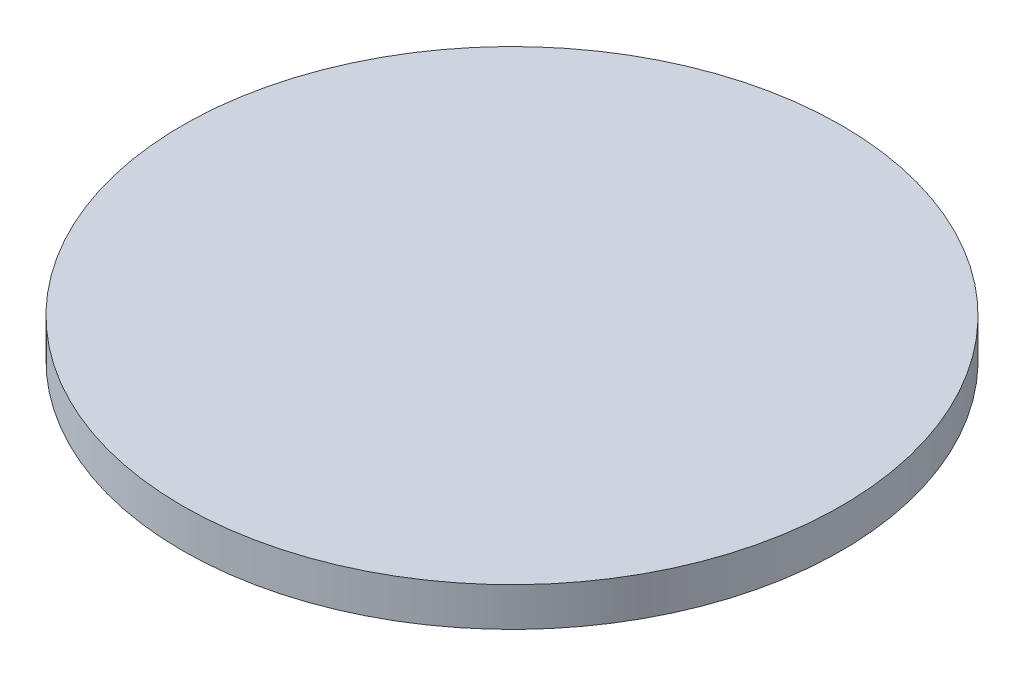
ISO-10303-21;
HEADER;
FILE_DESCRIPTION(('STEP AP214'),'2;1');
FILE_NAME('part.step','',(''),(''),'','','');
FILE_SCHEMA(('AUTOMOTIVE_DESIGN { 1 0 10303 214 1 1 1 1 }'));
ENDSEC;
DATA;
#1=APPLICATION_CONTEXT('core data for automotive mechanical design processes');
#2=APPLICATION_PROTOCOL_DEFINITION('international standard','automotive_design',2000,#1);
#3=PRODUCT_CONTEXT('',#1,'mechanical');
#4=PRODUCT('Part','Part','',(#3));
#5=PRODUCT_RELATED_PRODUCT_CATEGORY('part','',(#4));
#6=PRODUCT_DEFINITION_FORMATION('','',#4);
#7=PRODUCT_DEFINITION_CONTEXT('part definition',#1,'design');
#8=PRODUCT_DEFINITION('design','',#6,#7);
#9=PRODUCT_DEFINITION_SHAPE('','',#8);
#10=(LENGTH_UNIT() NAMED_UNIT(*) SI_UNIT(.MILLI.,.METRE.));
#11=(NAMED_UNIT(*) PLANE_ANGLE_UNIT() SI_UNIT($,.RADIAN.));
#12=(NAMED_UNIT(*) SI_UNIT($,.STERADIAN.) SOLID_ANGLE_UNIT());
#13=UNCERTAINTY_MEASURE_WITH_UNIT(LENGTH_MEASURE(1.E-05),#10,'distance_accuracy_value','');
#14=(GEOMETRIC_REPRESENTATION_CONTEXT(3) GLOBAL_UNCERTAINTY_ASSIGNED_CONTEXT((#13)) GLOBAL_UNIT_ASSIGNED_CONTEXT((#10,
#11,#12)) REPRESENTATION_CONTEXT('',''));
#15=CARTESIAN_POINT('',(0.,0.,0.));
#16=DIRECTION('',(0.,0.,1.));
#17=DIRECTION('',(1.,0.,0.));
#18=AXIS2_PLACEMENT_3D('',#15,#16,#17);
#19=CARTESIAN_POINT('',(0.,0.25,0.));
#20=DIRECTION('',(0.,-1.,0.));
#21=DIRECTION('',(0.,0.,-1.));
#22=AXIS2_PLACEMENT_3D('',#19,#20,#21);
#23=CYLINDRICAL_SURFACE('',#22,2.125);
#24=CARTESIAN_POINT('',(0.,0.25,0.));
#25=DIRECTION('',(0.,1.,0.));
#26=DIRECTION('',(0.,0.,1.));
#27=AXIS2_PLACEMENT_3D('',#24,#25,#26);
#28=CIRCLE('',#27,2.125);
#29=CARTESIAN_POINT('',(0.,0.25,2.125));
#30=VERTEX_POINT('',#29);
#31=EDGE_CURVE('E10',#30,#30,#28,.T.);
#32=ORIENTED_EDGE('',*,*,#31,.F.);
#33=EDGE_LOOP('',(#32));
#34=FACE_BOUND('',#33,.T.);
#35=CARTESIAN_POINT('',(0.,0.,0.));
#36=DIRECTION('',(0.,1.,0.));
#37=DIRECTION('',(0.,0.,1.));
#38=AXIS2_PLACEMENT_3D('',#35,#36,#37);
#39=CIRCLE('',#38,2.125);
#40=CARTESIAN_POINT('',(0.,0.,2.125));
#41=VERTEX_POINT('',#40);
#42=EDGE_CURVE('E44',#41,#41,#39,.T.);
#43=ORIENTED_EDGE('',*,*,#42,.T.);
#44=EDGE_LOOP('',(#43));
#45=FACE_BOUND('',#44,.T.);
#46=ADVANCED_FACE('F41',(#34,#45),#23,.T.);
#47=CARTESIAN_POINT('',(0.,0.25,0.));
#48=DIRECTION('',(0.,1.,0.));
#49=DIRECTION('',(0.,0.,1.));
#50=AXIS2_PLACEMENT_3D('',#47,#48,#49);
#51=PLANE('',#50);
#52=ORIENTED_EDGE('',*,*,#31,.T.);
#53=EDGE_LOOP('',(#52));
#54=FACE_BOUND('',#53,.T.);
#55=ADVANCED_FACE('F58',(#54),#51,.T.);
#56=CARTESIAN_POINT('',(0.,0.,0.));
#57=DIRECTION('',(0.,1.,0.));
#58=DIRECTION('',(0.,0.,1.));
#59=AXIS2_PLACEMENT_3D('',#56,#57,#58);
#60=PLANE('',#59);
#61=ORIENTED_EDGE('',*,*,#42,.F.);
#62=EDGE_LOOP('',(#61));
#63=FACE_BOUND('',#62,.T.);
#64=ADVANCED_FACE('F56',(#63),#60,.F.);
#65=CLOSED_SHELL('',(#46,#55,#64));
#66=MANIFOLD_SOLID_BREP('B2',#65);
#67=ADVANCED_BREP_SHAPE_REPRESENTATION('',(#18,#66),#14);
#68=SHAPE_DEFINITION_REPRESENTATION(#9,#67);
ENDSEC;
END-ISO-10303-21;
++++++++++
YOUR TASK: Please give back, exactly as it stands above, the stretch from the line with "#20=DIRECTION('',(0.,-1.,0.));" through the line with "#33=EDGE_LOOP('',(#32));", and no line outside it.

TASK SOLUTION:
#20=DIRECTION('',(0.,-1.,0.));
#21=DIRECTION('',(0.,0.,-1.));
#22=AXIS2_PLACEMENT_3D('',#19,#20,#21);
#23=CYLINDRICAL_SURFACE('',#22,2.125);
#24=CARTESIAN_POINT('',(0.,0.25,0.));
#25=DIRECTION('',(0.,1.,0.));
#26=DIRECTION('',(0.,0.,1.));
#27=AXIS2_PLACEMENT_3D('',#24,#25,#26);
#28=CIRCLE('',#27,2.125);
#29=CARTESIAN_POINT('',(0.,0.25,2.125));
#30=VERTEX_POINT('',#29);
#31=EDGE_CURVE('E10',#30,#30,#28,.T.);
#32=ORIENTED_EDGE('',*,*,#31,.F.);
#33=EDGE_LOOP('',(#32));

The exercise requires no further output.